Sunday, November 9, 2008

Six Unspectacular Things About Myself

Brenda tagged me to reveal six embarrassing things about myself.

1. I cannot wake up in the morning - I think 8 am is early, but I manage to kick myself out of bed by 6:30 during the week. Don't ask me how.

2. I read/write poetry during study time.

3. I cannot sit still in a classroom atmosphere - I zone out, write poetry/stories/journal entries. I'm still able to answer questions and participate in intellectual discussions - no idea how. My multitasking talents are honed to perfection, I guess.

4. I abhor paperwork, but I am entering a profession where it is the be-all end-all. God save my soul.

5. I am not comfortable dealing with other people's kids. Or with people, period. I'm going into Pediatrics. Yikes.

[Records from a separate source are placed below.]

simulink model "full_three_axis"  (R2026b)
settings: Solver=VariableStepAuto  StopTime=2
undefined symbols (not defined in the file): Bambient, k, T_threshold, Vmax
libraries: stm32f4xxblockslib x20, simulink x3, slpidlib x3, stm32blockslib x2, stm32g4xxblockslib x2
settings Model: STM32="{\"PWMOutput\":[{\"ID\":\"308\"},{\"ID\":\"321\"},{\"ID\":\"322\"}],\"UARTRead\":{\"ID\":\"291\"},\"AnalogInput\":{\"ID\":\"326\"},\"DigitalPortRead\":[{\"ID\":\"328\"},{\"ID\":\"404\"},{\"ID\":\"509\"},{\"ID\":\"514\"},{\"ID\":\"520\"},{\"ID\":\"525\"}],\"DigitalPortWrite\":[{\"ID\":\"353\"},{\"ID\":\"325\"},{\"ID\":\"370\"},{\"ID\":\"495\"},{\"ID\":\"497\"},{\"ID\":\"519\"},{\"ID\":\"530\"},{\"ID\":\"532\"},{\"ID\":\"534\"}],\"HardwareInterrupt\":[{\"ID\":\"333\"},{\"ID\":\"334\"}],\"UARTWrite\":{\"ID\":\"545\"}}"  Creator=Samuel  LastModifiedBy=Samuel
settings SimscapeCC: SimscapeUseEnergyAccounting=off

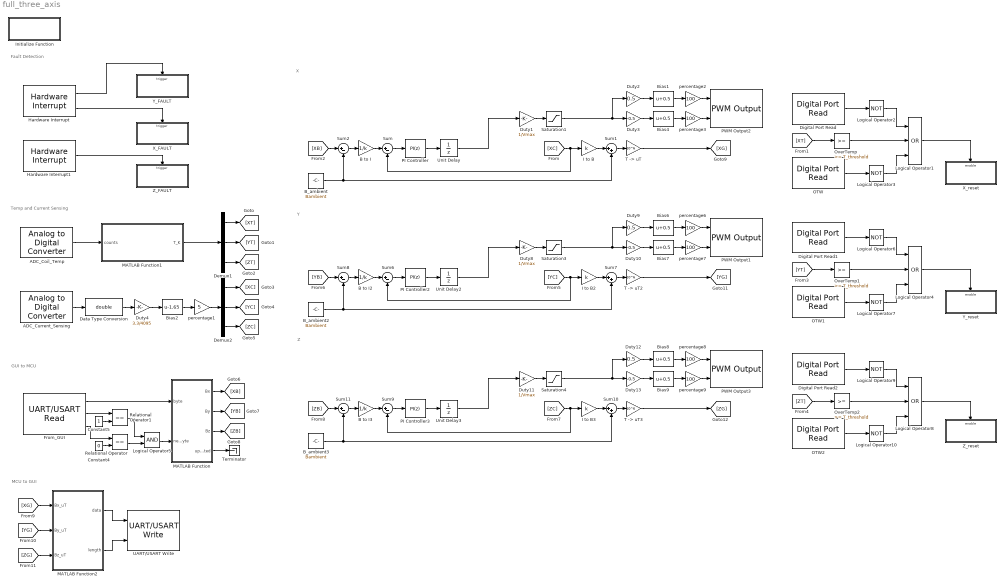
== system full_three_axis ==
  note: MCU to GUI
  note: Z
  note: Y
  note: X
  note: GUI to MCU
  note: Fault Detection
  note: Temp and Current Sensing
  ADC_Coil_Temp : stm32f4xxblockslib/Analog to Digital Converter  ADCModule=ADC2  ConversionGroup=Regular  TriggerMode=Trigger and read  NumberOfConversions=3  EnableBufferConv=off  BufferLength=1  OutputStatus=off  SampleTime=0.001  EnableSimPort=off  hoistedMaskSrc=ECSoC/ECSimCodegen/Analog to Digital Converter
  ADC_Current_Sensing : stm32f4xxblockslib/Analog to Digital Converter  ADCModule=ADC1  ConversionGroup=Regular  TriggerMode=Trigger and read  NumberOfConversions=3  EnableBufferConv=off  BufferLength=1  OutputStatus=off  SampleTime=0.001  EnableSimPort=off  hoistedMaskSrc=ECSoC/ECSimCodegen/Analog to Digital Converter
  B to I : Gain  Gain=1/k
  B to I2 : Gain  Gain=1/k
  B to I3 : Gain  Gain=1/k
  B_ambient : Constant  Value=Bambient
  B_ambient2 : Constant  Value=Bambient
  B_ambient3 : Constant  Value=Bambient
  Bias{1,4,6..9} (6 alike) : Bias  Bias=0.5  SaturateOnIntegerOverflow=off
  Bias2 : Bias  Bias=-1.65  SaturateOnIntegerOverflow=off
  Constant4 : Constant  Value=0
  Constant5 : Constant
  Data Type Conversion : DataTypeConversion  OutDataTypeStr=double  SaturateOnIntegerOverflow=off  RndMeth=Floor
  Demux1 : Demux  Outputs=3
  Demux2 : Demux  Outputs=3
  Digital Port Read : stm32f4xxblockslib/Digital Port Read  PortName=GPIOB  PinNumber=12  ReadOperation=on  IOAsArray=off  SampleTime=0.001  EnableSimPort=off  hoistedMaskSrc=ECSoC/ECSimCodegen/Digital Port Read
      settings: LibrarySourceBlock=stm32g4xxblockslib/Digital Port Read
  Digital Port Read1 : stm32f4xxblockslib/Digital Port Read  PortName=GPIOB  PinNumber=15  ReadOperation=on  IOAsArray=off  SampleTime=0.001  EnableSimPort=off  hoistedMaskSrc=ECSoC/ECSimCodegen/Digital Port Read
      settings: LibrarySourceBlock=stm32g4xxblockslib/Digital Port Read
  Digital Port Read2 : stm32f4xxblockslib/Digital Port Read  PortName=GPIOB  PinNumber=2  ReadOperation=on  IOAsArray=off  SampleTime=0.001  EnableSimPort=off  hoistedMaskSrc=ECSoC/ECSimCodegen/Digital Port Read
      settings: LibrarySourceBlock=stm32g4xxblockslib/Digital Port Read
  Duty1 : Gain  Gain=1/Vmax
  Duty10 : Gain  Gain=-0.5
  Duty11 : Gain  Gain=1/Vmax
  Duty12 : Gain  Gain=0.5
  Duty13 : Gain  Gain=-0.5
  Duty2 : Gain  Gain=0.5
  Duty3 : Gain  Gain=-0.5
  Duty4 : Gain  Gain=3.3/4095
  Duty8 : Gain  Gain=1/Vmax
  Duty9 : Gain  Gain=0.5
  From_GUI : stm32blockslib/UART//USART Read  UARTModule=LPUART1  DataType=uint8  DataLength=1  BlockingMode=off  BlockingTimeout=0.1  OutputLength=on  OutputStatus=on  SampleTime=0.001
  Hardware Interrupt : stm32g4xxblockslib/Hardware Interrupt  ISRGroup=External interrupts (EXTI)  ISRName=EXTI15_10_IRQHandler  ISRFunctionName=EXTI15_10_IRQHandler  ISRNumber=55  TaskPriority=30  EventsList={ 'on', 'EXTI15 Event', '1', 'inherit', 'off'; 'off', 'EXTI14 Event', '2', 'inherit', 'off'; 'off', 'EXTI13 Event', '3', 'inherit', 'off'; 'on', 'EXTI12 Event', '4', 'inherit', 'off'; 'off', 'EXTI11 Event', '5', 'inherit', 'off'; 'off', 'EXTI10 Event', '6', 'inherit', 'off'; 'off', 'Custom event', '7', 'inherit', 'off' }  SelectedEvents={'EXTI15 Event','EXTI12 Event'}  InternalTaskPriority=30  DisablePreemption=off  ClearInterruptFlagsAtEndOfEvent=on  InterruptDefinitionFile=$(TARGET_ROOT)/registry/interrupts/STM32F4xxBased_interrupts.xml  HardwareBoard=STM32G4xx Based  EnableSimPort=off
  Hardware Interrupt1 : stm32g4xxblockslib/Hardware Interrupt  ISRGroup=External interrupts (EXTI)  ISRName=EXTI2_IRQHandler  ISRFunctionName=EXTI2_IRQHandler  ISRNumber=23  TaskPriority=30  EventsList={ 'on', 'EXTI2 Event', '1', 'inherit', 'off'; 'off', 'Custom event', '2', 'inherit', 'off' }  SelectedEvents={'EXTI2 Event'}  InternalTaskPriority=30  DisablePreemption=off  ClearInterruptFlagsAtEndOfEvent=on  InterruptDefinitionFile=$(TARGET_ROOT)/registry/interrupts/STM32F4xxBased_interrupts.xml  HardwareBoard=STM32G4xx Based  EnableSimPort=off
  I to B : Gain  Gain=k
  I to B2 : Gain  Gain=k
  I to B3 : Gain  Gain=k
  Initialize Function : Subsystem  TreatAsAtomicUnit=on
  Logical Operator1 : Logic  Operator=OR  Inputs=3  AllPortsSameDT=off  OutDataTypeStr=boolean
  Logical Operator{2..3,6..7,9..10} (6 alike) : Logic  Operator=NOT  AllPortsSameDT=off  OutDataTypeStr=boolean
  Logical Operator4 : Logic  Operator=OR  Inputs=3  AllPortsSameDT=off  OutDataTypeStr=boolean
  Logical Operator5 : Logic  AllPortsSameDT=off  OutDataTypeStr=boolean
  Logical Operator8 : Logic  Operator=OR  Inputs=3  AllPortsSameDT=off  OutDataTypeStr=boolean
  MATLAB Function : MATLAB Function  TreatAsAtomicUnit=on
  MATLAB Function1 : MATLAB Function  TreatAsAtomicUnit=on
  MATLAB Function2 : MATLAB Function  TreatAsAtomicUnit=on
  OTW : stm32f4xxblockslib/Digital Port Read  PortName=GPIOB  PinNumber=11  ReadOperation=on  IOAsArray=off  SampleTime=0.001  EnableSimPort=off  hoistedMaskSrc=ECSoC/ECSimCodegen/Digital Port Read
      settings: LibrarySourceBlock=stm32g4xxblockslib/Digital Port Read
  OTW1 : stm32f4xxblockslib/Digital Port Read  PortName=GPIOB  PinNumber=14  ReadOperation=on  IOAsArray=off  SampleTime=0.001  EnableSimPort=off  hoistedMaskSrc=ECSoC/ECSimCodegen/Digital Port Read
      settings: LibrarySourceBlock=stm32g4xxblockslib/Digital Port Read
  OTW2 : stm32f4xxblockslib/Digital Port Read  PortName=GPIOB  PinNumber=1  ReadOperation=on  IOAsArray=off  SampleTime=0.001  EnableSimPort=off  hoistedMaskSrc=ECSoC/ECSimCodegen/Digital Port Read
      settings: LibrarySourceBlock=stm32g4xxblockslib/Digital Port Read
  OverTemp : simulink/Logic and Bit Operations/Compare To Constant  relop=>=  const=T_threshold  OutDataTypeStr=boolean
  OverTemp1 : simulink/Logic and Bit Operations/Compare To Constant  relop=>=  const=T_threshold  OutDataTypeStr=boolean
  OverTemp2 : simulink/Logic and Bit Operations/Compare To Constant  relop=>=  const=T_threshold  OutDataTypeStr=boolean
  PI Controller : slpidlib/PID Controller  Controller=PI  Form=Parallel  TimeDomain=Discrete-time  UseExternalTs=off  SampleTime=1e-4  IntegratorMethod=Forward Euler  FilterMethod=Forward Euler  ControllerParametersSource=internal  P=5  I=200  UseKiTs=off  D=0  UseExternalDerivativeSource=off  N=100  UseFilter=on  TunerSelectOption=Transfer Function Based (PID Tuner App)  InitialConditionSource=internal  InitialConditionForIntegrator=0  InitialConditionForFilter=0  DifferentiatorICPrevScaledInput=0  ExternalReset=none  TrackingMode=off  Kt=1  LimitOutput=on  SatLimitsSource=internal  UpperSaturationLimit=30  LowerSaturationLimit=-30  LinearizeAsGain=on  AntiWindupMode=clamping  Kb=1  LimitIntegrator=off  UpperIntegratorSaturationLimit=inf  LowerIntegratorSaturationLimit=-inf  POutMin=[]  POutMax=[]  IOutMin=[]  IOutMax=[]  DOutMin=[]  DOutMax=[]  NOutMin=[]  NOutMax=[]  SumOutMin=[]  SumOutMax=[]  SaturationOutMin=[]  SaturationOutMax=[]  PParamMin=[]  PParamMax=[]  IParamMin=[]  IParamMax=[]  DParamMin=[]  DParamMax=[]  NParamMin=[]  NParamMax=[]  KbParamMin=[]  KbParamMax=[]  KtParamMin=[]  KtParamMax=[]  KbOutMin=[]  KbOutMax=[]  KtOutMin=[]  KtOutMax=[]  IntegratorOutMin=[]  IntegratorOutMax=[]  FilterOutMin=[]  FilterOutMax=[]  SumI1OutMin=[]  SumI1OutMax=[]  SumI2OutMin=[]  SumI2OutMax=[]  SumI3OutMin=[]  SumI3OutMax=[]  SumI4OutMin=[]  SumI4OutMax=[]  SumDOutMin=[]  SumDOutMax=[]  DifferentiatorOutMin=[]  DifferentiatorOutMax=[]  FilterDiffOutCoefMin=[]  FilterDiffOutCoefMax=[]  ReciprocalOutMin=[]  ReciprocalOutMax=[]  SumDenOutMin=[]  SumDenOutMax=[]  SumNumOutMin=[]  SumNumOutMax=[]  DivideOutMin=[]  DivideOutMax=[]  UdiffTsProdOutMin=[]  UdiffTsProdOutMax=[]  NTsProdOutMin=[]  NTsProdOutMax=[]  UintegralTsProdOutMin=[]  UintegralTsProdOutMax=[]  UngainTsProdOutMin=[]  UngainTsProdOutMax=[]  ClampingZeroOutDataTypeStr=Inherit: Inherit via back propagation  ClampingZeroOutMin=[]  ClampingZeroOutMax=[]  FilterDenConstantOutDataTypeStr=Inherit: Inherit via back propagation  FilterDenConstantOutMin=[]  FilterDenConstantOutMax=[]  PCopyOutDataTypeStr=Inherit: Inherit via back propagation  PCopyOutMin=[]  PCopyOutMax=[]  NCopyOutDataTypeStr=Inherit: Inherit via back propagation  NCopyOutMin=[]  NCopyOutMax=[]  IntegratorContinuousStateAttributes=''  IntegratorStateMustResolveToSignalObject=off  IntegratorRTWStateStorageClass=Auto  FilterContinuousStateAttributes=''  FilterStateMustResolveToSignalObject=off  FilterRTWStateStorageClass=Auto  ParallelPVariant=InternalParameters  IdealPVariant=Disabled  IVariant=InternalParameters  DVariant=Disabled  IntegratorVariant=Discrete  SatVariant=Enabled  AWVariant=DiscClampingParallel  PCopyVariant=Disabled  TRVariant=Disabled  FdbkBlocksVariant=Forward  IdealPFdbkVariant=Disabled  SatFdbkVariant=Disabled  DerivativeFilterVariant=Disabled  NVariant=Disabled  NCopyVariant=Disabled_SignalSpec  FilterICVariant=Disabled  IntegratorICVariant=InternalICs  ExternalResetVariant=Disabled  TRSumVariant=Passthrough  SumFdbkVariant=Disabled  SumVariant=Sum_PI  TsampFilterVariant=InternalTs  TsampNgainVariant=Passthrough  TsampIntegralVariant=Disabled_SignalSpec  ExternalSaturationOutDataTypeStr=Inherit: Same as second input  DerivativeSourceVariant=Disabled  PreIntVariant=InternalPreInt
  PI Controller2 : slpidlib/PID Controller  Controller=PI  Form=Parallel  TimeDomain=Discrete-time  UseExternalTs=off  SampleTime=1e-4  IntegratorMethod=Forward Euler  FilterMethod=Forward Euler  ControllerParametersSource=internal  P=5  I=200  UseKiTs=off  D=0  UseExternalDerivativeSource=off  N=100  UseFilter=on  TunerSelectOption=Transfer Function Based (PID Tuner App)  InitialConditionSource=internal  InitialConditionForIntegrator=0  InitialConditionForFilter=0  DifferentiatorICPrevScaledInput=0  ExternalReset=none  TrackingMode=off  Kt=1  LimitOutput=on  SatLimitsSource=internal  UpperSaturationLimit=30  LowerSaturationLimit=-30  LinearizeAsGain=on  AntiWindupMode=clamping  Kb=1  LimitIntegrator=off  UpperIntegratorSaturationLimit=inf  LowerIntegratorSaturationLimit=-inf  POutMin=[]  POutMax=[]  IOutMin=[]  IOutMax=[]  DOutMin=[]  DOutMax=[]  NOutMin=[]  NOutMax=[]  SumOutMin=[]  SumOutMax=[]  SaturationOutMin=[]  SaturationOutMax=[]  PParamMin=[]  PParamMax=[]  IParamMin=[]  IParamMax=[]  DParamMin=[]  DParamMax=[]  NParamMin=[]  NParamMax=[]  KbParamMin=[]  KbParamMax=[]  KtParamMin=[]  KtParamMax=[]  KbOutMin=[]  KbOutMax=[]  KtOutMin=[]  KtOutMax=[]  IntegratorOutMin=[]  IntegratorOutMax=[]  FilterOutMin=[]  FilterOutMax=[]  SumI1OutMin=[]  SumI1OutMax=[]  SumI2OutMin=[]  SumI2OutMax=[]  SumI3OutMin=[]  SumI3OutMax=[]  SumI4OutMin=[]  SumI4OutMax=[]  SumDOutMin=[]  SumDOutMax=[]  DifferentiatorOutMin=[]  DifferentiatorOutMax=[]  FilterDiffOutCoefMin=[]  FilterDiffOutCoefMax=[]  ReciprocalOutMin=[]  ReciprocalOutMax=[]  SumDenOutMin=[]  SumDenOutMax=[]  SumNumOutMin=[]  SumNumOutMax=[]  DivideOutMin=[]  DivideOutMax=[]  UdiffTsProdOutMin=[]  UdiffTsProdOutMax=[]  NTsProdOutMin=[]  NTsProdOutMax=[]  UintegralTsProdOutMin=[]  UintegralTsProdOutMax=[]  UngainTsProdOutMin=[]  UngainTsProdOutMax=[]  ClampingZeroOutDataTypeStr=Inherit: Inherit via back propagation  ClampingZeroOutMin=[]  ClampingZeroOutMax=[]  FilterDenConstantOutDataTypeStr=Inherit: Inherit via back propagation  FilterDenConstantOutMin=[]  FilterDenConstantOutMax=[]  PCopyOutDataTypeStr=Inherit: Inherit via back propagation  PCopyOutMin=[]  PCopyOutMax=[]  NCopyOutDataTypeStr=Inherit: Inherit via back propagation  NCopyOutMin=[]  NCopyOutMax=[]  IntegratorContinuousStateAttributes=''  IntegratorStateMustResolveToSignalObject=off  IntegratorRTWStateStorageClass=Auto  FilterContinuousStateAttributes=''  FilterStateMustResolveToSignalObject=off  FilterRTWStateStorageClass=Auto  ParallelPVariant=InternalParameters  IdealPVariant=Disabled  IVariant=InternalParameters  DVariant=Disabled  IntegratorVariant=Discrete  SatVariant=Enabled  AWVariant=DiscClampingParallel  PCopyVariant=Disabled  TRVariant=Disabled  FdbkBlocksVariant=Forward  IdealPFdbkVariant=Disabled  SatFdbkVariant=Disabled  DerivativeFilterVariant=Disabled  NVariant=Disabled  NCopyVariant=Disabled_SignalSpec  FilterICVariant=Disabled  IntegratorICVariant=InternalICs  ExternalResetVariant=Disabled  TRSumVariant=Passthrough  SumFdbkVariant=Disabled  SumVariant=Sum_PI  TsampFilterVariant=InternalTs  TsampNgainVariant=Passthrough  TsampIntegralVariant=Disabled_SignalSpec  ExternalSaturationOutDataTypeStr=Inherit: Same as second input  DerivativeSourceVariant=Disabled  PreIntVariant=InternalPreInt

6. I don't have a single picture from a single birthday since my second one. Even though I celebrated some of them.

Terms & conditions!

1. link the person who tagged you: Brenda
2. mention the rules on your blog: (these are them).
3. list 6 unspectacular things about you: (see above)
4. tag 6 other bloggers by linking them: Brenda, do you honestly think I read blogs other than yours? Yikes.

Saturday, October 25, 2008

Wishful

Its a crazy month, stressful and exciting. I love it and hate it, all the guessing. Waiting for residency interviews is nailbiting-scary. And I stopped biting my nails in 1996.

The worst are the would-be-friendly rejection letters, because each of the programs I applied to have been carefully chosen. Of course, I have my step 1 score to thank for the showing so far, and I should get more starting Nov, once the MSPE's are released to programs. I think my MSPE looks good enough to garner me a few interviews more.

Its disconcerting to hear others say things like they have 15-20 interviews already - jeez. You popular, ideal doctor, go away from my life. Really. Stop making me feel inadequate already!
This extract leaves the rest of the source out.